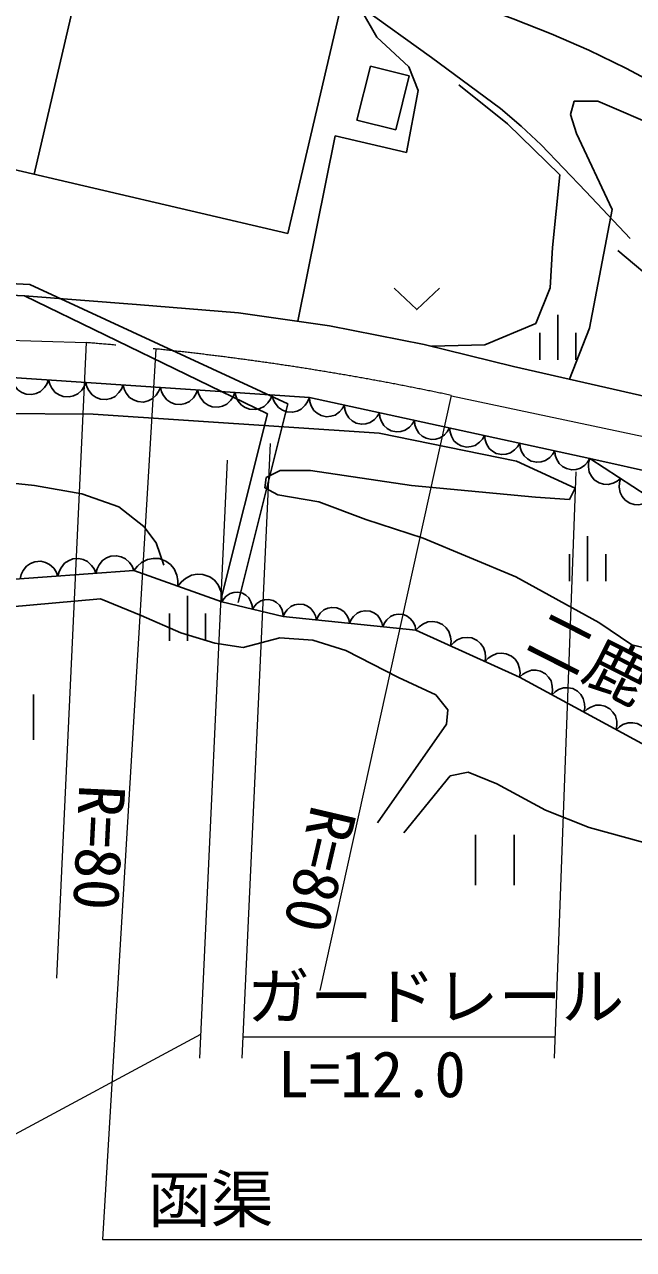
# Model space of a CAD drawing. Units: millimetres, scale not verified. Extents: x 40000 to 680000, y 20000 to 380000.
# Drawn here: x 208524 to 232746, y 245899 to 294673 of the extents above; entities that cross this region are included whole.
import ezdxf
from ezdxf.enums import TextEntityAlignment as Align

# ---------------------------------------------------------------- set-up
doc = ezdxf.new("R2010")
doc.units = ezdxf.units.MM
doc.header["$LTSCALE"] = 1000
doc.linetypes.add('CHAIN', pattern=[18.5, 12, -1.5, 3.5, -1.5])
for name, color, linetype, lineweight in [('M-BGD', 7, 'Continuous', 25), ('M-BMK', 2, 'CHAIN', 13), ('M-BMK-HTXT', 7, 'Continuous', 13)]:
    doc.layers.add(name, color=color, linetype=linetype, lineweight=lineweight)
doc.styles.add('ＭＳ ゴシック', font='')
doc.styles.get('ＭＳ ゴシック').set_extended_font_data('MS Gothic')

msp = doc.modelspace()

# ---------------------------------------------------------------- linework, layer by layer
at = {"layer": 'M-BGD'}
for p, q in [((208903, 288715), (210895, 297245)), ((219001, 286356), (221067, 295197)), ((221916, 295255), (222531, 294168)), ((222531, 294168), (223808, 292986)), ((221744, 290867), (222281, 293015)), ((222281, 293015), (223826, 292629)), ((223808, 292986), (224186, 292040)), ((223826, 292629), (223288, 290480)), ((225794, 292277), (227732, 290717)), ((224186, 292040), (223713, 289582)), ((230238, 291095), (230380, 291615)), ((230380, 291615), (231325, 291615)), ((231325, 291615), (234304, 290338)), ((223288, 290480), (221744, 290867)), ((227732, 290717), (229812, 288683)), ((230474, 290338), (230238, 291095)), ((220876, 290244), (219389, 282855)), ((223713, 289582), (220876, 290244)), ((231893, 287312), (230474, 290338)), ((203171, 290054), (219001, 286356)), ((229812, 288683), (229529, 285799)), ((230994, 282584), (231893, 287312)), ((229529, 285799), (229434, 284192)), ((235008, 283248), (232124, 285670)), ((196931, 284901), (208734, 284322)), ((208525, 283865), (196908, 284401)), ((208525, 283865), (212980, 283527)), ((218183, 279172), (208525, 283865)), ((208734, 284322), (219003, 279563)), ((229434, 284192), (228867, 282773)), ((212980, 283527), (217041, 283190)), ((217041, 283190), (220654, 282674)), ((229739, 283116), (229739, 281316)), ((220654, 282674), (224424, 281934)), ((228867, 282773), (226834, 281922)), ((229019, 282401), (229019, 281321)), ((230200, 280548), (230994, 282584)), ((230459, 282401), (230459, 281321)), ((224424, 281934), (227970, 281059)), ((226834, 281922), (224709, 281863)), ((219855, 279817), (202075, 281026)), ((227970, 281059), (240018, 278302)), ((219003, 279563), (217020, 271654)), ((231007, 277399), (219855, 279817)), ((211258, 279162), (197195, 279251)), ((222634, 278401), (211258, 279162)), ((216341, 271825), (218183, 279172)), ((228097, 277281), (222634, 278401)), ((230426, 276206), (228097, 277281)), ((237142, 273368), (231007, 277399)), ((231007, 277399), (238951, 275619)), ((203630, 276874), (208916, 276314)), ((218133, 276639), (218087, 276220)), ((218693, 276919), (218133, 276639)), ((219904, 276919), (218693, 276919)), ((223912, 276313), (219904, 276919)), ((208916, 276314), (210804, 275988)), ((218087, 276220), (218599, 275940)), ((228852, 275847), (223912, 276313)), ((230426, 276206), (230204, 275754)), ((210804, 275988), (212273, 275475)), ((218599, 275940), (220231, 275661)), ((220231, 275661), (222095, 274962)), ((230204, 275754), (228852, 275847)), ((212273, 275475), (213276, 274683)), ((213276, 274683), (213765, 274030)), ((222095, 274962), (224378, 274216)), ((224378, 274216), (228060, 272678)), ((230922, 274304), (230922, 272504)), ((213765, 274030), (214068, 273144)), ((230202, 273588), (230202, 272508)), ((231642, 273588), (231642, 272508)), ((197781, 271817), (212873, 272937)), ((212873, 272937), (216367, 271683)), ((228060, 272678), (231369, 270860)), ((207852, 271472), (211551, 271800)), ((211551, 271800), (213162, 271144)), ((215005, 271931), (215005, 270131)), ((216367, 271683), (218811, 271101)), ((214285, 271215), (214285, 270135)), ((215725, 271215), (215725, 270135)), ((213162, 271144), (214742, 270458)), ((218811, 271101), (224095, 270563)), ((231369, 270860), (232674, 269975)), ((214742, 270458), (216090, 270041)), ((217224, 269862), (218685, 270249)), ((218685, 270249), (219998, 270160)), ((224095, 270563), (228213, 268682)), ((216090, 270041), (217224, 269862)), ((219998, 270160), (221310, 269742)), ((221310, 269742), (223398, 268669)), ((232674, 269975), (233466, 269789)), ((223398, 268669), (224889, 267983)), ((228213, 268682), (249979, 256859)), ((208883, 266198), (208883, 267998)), ((224889, 267983), (225367, 267386)), ((225367, 267386), (225307, 266819)), ((225307, 266819), (222563, 262882)), ((225456, 264761), (226172, 264910)), ((226172, 264910), (227305, 264433)), ((223607, 262494), (225456, 264761)), ((227305, 264433), (229244, 263389)), ((229244, 263389), (230984, 262703)), ((226462, 262403), (226462, 260403)), ((227997, 260403), (227997, 262403)), ((230984, 262703), (233161, 262107))]:
    msp.add_line(p, q, dxfattribs=at)
for points in [[(210900, 300466), (212412, 299866), (213909, 299207), (215765, 298345), (217649, 297537), (218888, 297024), (220099, 296457), (221037, 295927), (221947, 295344), (224718, 293362), (227457, 291329), (228284, 290625), (229073, 289875), (230856, 288021), (232615, 286148)], [(218101, 298964), (219956, 297975), (221835, 297042), (222964, 296618), (224126, 296246), (226051, 295600), (227954, 294897), (229472, 294303), (230966, 293652), (232438, 292933), (233883, 292160), (235914, 291019), (237972, 289932), (239210, 289389), (240485, 288897), (241878, 288395), (243301, 287946), (243808, 287856), (244317, 287827), (244701, 287843), (245097, 287886)], [(223228, 284173), (224128, 283322), (225028, 284173)], [(208002, 280623), (208046, 280449), (208125, 280299), (208258, 280126), (208415, 280026), (208585, 279958), (208815, 279943), (208993, 279986), (209162, 280064), (209318, 280217), (209413, 280356), (209483, 280522)], [(209483, 280522), (209527, 280348), (209606, 280198), (209740, 280025), (209897, 279925), (210067, 279858), (210297, 279842), (210475, 279886), (210644, 279963), (210799, 280117), (210894, 280255), (210965, 280422)], [(210965, 280422), (211009, 280248), (211088, 280097), (211221, 279924), (211378, 279824), (211549, 279757), (211778, 279741), (211956, 279785), (212125, 279863), (212281, 280016), (212376, 280155), (212447, 280321)], [(212447, 280321), (212491, 280147), (212570, 279996), (212703, 279823), (212860, 279723), (213030, 279656), (213260, 279640), (213438, 279684), (213607, 279762), (213762, 279915), (213858, 280054), (213928, 280220)], [(213928, 280220), (213972, 280046), (214051, 279895), (214185, 279723), (214342, 279623), (214512, 279555), (214742, 279540), (214920, 279583), (215089, 279661), (215244, 279814), (215339, 279953), (215410, 280119)], [(215410, 280119), (215454, 279945), (215533, 279795), (215666, 279622), (215823, 279522), (215994, 279455), (216223, 279439), (216401, 279483), (216570, 279560), (216726, 279714), (216821, 279852), (216892, 280019)], [(216892, 280019), (216936, 279844), (217015, 279694), (217148, 279521), (217305, 279421), (217475, 279354), (217705, 279338), (217883, 279382), (218052, 279460), (218207, 279613), (218302, 279751), (218373, 279918)], [(218373, 279918), (218417, 279744), (218496, 279593), (218630, 279420), (218787, 279320), (218957, 279253), (219187, 279237), (219365, 279281), (219534, 279359), (219689, 279512), (219784, 279651), (219855, 279817)], [(219855, 279817), (219872, 279645), (219927, 279491), (220029, 279309), (220164, 279192), (220317, 279104), (220533, 279057), (220708, 279074), (220880, 279124), (221049, 279248), (221158, 279367), (221249, 279515)], [(221249, 279515), (221266, 279343), (221321, 279189), (221423, 279006), (221558, 278889), (221711, 278802), (221927, 278755), (222102, 278771), (222274, 278822), (222443, 278946), (222552, 279064), (222643, 279212)], [(222643, 279212), (222660, 279041), (222715, 278887), (222817, 278704), (222952, 278587), (223105, 278499), (223321, 278452), (223496, 278469), (223667, 278520), (223837, 278643), (223946, 278762), (224037, 278910)], [(224037, 278910), (224054, 278739), (224108, 278584), (224211, 278402), (224346, 278285), (224499, 278197), (224715, 278150), (224890, 278167), (225061, 278217), (225231, 278341), (225340, 278460), (225431, 278608)], [(225431, 278608), (225448, 278436), (225502, 278282), (225605, 278099), (225740, 277982), (225893, 277895), (226109, 277848), (226284, 277865), (226455, 277915), (226625, 278039), (226734, 278157), (226825, 278306)], [(226825, 278306), (226842, 278134), (226896, 277980), (226999, 277797), (227134, 277680), (227287, 277592), (227503, 277546), (227678, 277562), (227849, 277613), (228018, 277737), (228128, 277855), (228219, 278003)], [(228219, 278003), (228236, 277832), (228290, 277678), (228393, 277495), (228528, 277378), (228681, 277290), (228897, 277243), (229072, 277260), (229243, 277310), (229412, 277434), (229522, 277553), (229613, 277701)], [(229613, 277701), (229630, 277529), (229684, 277375), (229787, 277192), (229922, 277076), (230075, 276988), (230291, 276941), (230466, 276958), (230637, 277008), (230806, 277132), (230916, 277250), (231007, 277399)], [(231007, 277399), (230960, 277227), (230955, 277059), (230986, 276846), (231072, 276683), (231186, 276543), (231377, 276418), (231551, 276369), (231734, 276354), (231943, 276410), (232092, 276484), (232234, 276593)], [(232234, 276593), (232187, 276421), (232182, 276253), (232213, 276040), (232300, 275877), (232414, 275737), (232604, 275612), (232778, 275563), (232962, 275548), (233170, 275604), (233319, 275678), (233461, 275786)], [(209855, 272713), (209785, 272882), (209684, 273023), (209524, 273178), (209352, 273256), (209170, 273299), (208936, 273282), (208763, 273212), (208604, 273109), (208469, 272932), (208393, 272779), (208346, 272601)], [(211364, 272825), (211295, 272994), (211193, 273135), (211034, 273290), (210861, 273368), (210679, 273411), (210446, 273394), (210272, 273324), (210113, 273221), (209978, 273044), (209902, 272891), (209855, 272713)], [(212873, 272937), (212804, 273106), (212702, 273247), (212543, 273402), (212370, 273480), (212189, 273523), (211955, 273506), (211782, 273436), (211622, 273333), (211488, 273156), (211412, 273003), (211364, 272825)], [(214620, 272310), (214627, 272534), (214583, 272742), (214482, 272995), (214327, 273169), (214145, 273308), (213875, 273405), (213646, 273414), (213416, 273378), (213177, 273247), (213015, 273112), (212873, 272937)], [(216367, 271683), (216373, 271907), (216330, 272115), (216228, 272368), (216074, 272542), (215892, 272681), (215621, 272778), (215393, 272787), (215163, 272751), (214924, 272620), (214762, 272485), (214620, 272310)], [(217589, 271392), (217576, 271543), (217531, 271680), (217444, 271842), (217327, 271948), (217195, 272028), (217005, 272073), (216851, 272061), (216699, 272020), (216548, 271914), (216449, 271812), (216367, 271683)], [(218811, 271101), (218798, 271252), (218754, 271389), (218666, 271551), (218549, 271657), (218417, 271737), (218227, 271782), (218073, 271770), (217921, 271729), (217770, 271623), (217671, 271520), (217589, 271392)], [(220132, 270966), (220098, 271123), (220032, 271260), (219918, 271418), (219780, 271512), (219630, 271578), (219425, 271599), (219265, 271565), (219112, 271500), (218968, 271368), (218879, 271247), (218811, 271101)], [(221453, 270832), (221419, 270989), (221353, 271126), (221239, 271284), (221102, 271378), (220951, 271443), (220747, 271464), (220586, 271431), (220433, 271366), (220289, 271234), (220200, 271113), (220132, 270966)], [(222774, 270697), (222740, 270854), (222674, 270991), (222560, 271150), (222423, 271244), (222273, 271309), (222068, 271330), (221907, 271296), (221754, 271232), (221611, 271099), (221521, 270978), (221453, 270832)], [(224095, 270563), (224061, 270720), (223995, 270857), (223881, 271015), (223744, 271109), (223594, 271175), (223389, 271196), (223229, 271162), (223075, 271097), (222932, 270965), (222843, 270844), (222774, 270697)], [(225468, 269936), (225489, 270117), (225467, 270289), (225403, 270501), (225289, 270652), (225151, 270777), (224939, 270875), (224754, 270897), (224565, 270883), (224363, 270794), (224222, 270696), (224095, 270563)], [(226841, 269309), (226861, 269490), (226840, 269662), (226775, 269874), (226662, 270025), (226524, 270150), (226311, 270248), (226127, 270270), (225938, 270256), (225735, 270167), (225595, 270069), (225468, 269936)], [(228213, 268682), (228234, 268863), (228213, 269035), (228148, 269247), (228034, 269398), (227897, 269523), (227684, 269621), (227499, 269643), (227311, 269629), (227108, 269540), (226968, 269442), (226841, 269309)], [(229494, 267987), (229526, 268160), (229517, 268326), (229468, 268535), (229369, 268688), (229245, 268818), (229046, 268926), (228870, 268960), (228687, 268959), (228486, 268886), (228344, 268802), (228213, 268682)], [(230774, 267291), (230806, 267464), (230797, 267631), (230749, 267840), (230649, 267993), (230525, 268123), (230327, 268230), (230150, 268264), (229968, 268264), (229766, 268191), (229625, 268106), (229494, 267987)], [(232054, 266596), (232086, 266769), (232077, 266936), (232029, 267144), (231930, 267297), (231805, 267427), (231607, 267535), (231430, 267569), (231248, 267568), (231047, 267495), (230905, 267411), (230774, 267291)], [(233335, 265900), (233367, 266073), (233358, 266240), (233309, 266449), (233210, 266602), (233086, 266732), (232887, 266840), (232711, 266873), (232528, 266873), (232327, 266800), (232185, 266715), (232054, 266596)]]:
    msp.add_lwpolyline(points, dxfattribs=at)
at = {"layer": 'M-BMK'}
for p, q in [((202513, 282267), (210974, 282005)), ((225504, 279893), (266267, 271195))]:
    msp.add_line(p, q, dxfattribs=at)
msp.add_arc((202218, 170180), 112168, 78.02215, 85.52307, dxfattribs=at)
at = {"layer": 'M-BMK-HTXT'}
for p, q in [((210974, 282005), (209798, 256705)), ((213744, 281754), (211631, 246299)), ((225497, 279905), (220269, 256212)), ((218300, 277991), (217163, 253522)), ((216583, 277330), (215483, 253522)), ((230448, 276868), (229591, 253522)), ((215527, 254461), (189187, 240261)), ((217203, 254372), (229622, 254372)), ((211631, 246299), (239411, 246299))]:
    msp.add_line(p, q, dxfattribs=at)

# ---------------------------------------------------------------- texts
at = {"layer": 'M-BGD', "style": 'ＭＳ ゴシック'}
for s, rotation, p in [('二鹿谷川', 333.2, (228123, 269300)), ('R=80', 267.2, (210154, 264465)), ('R=80', 256.8, (219423, 263786))]:
    msp.add_text(s, height=1833, rotation=rotation, dxfattribs=at).set_placement(p, align=Align.BOTTOM_LEFT)
at = {"layer": 'M-BMK-HTXT', "style": 'ＭＳ ゴシック'}
for s, p in [('ガードレール', (217377, 254512)), ('L=12.0', (218594, 251414)), ('函渠', (213429, 246433))]:
    msp.add_text(s, height=1833, dxfattribs=at).set_placement(p, align=Align.BOTTOM_LEFT)

doc.saveas('drawing.dxf')
******************************
## Assigned task:
Copy every line of the material above in which the word "ゴシック" appears.

## Answer space:
doc.styles.add('ＭＳ ゴシック', font='')
doc.styles.get('ＭＳ ゴシック').set_extended_font_data('MS Gothic')
at = {"layer": 'M-BGD', "style": 'ＭＳ ゴシック'}
at = {"layer": 'M-BMK-HTXT', "style": 'ＭＳ ゴシック'}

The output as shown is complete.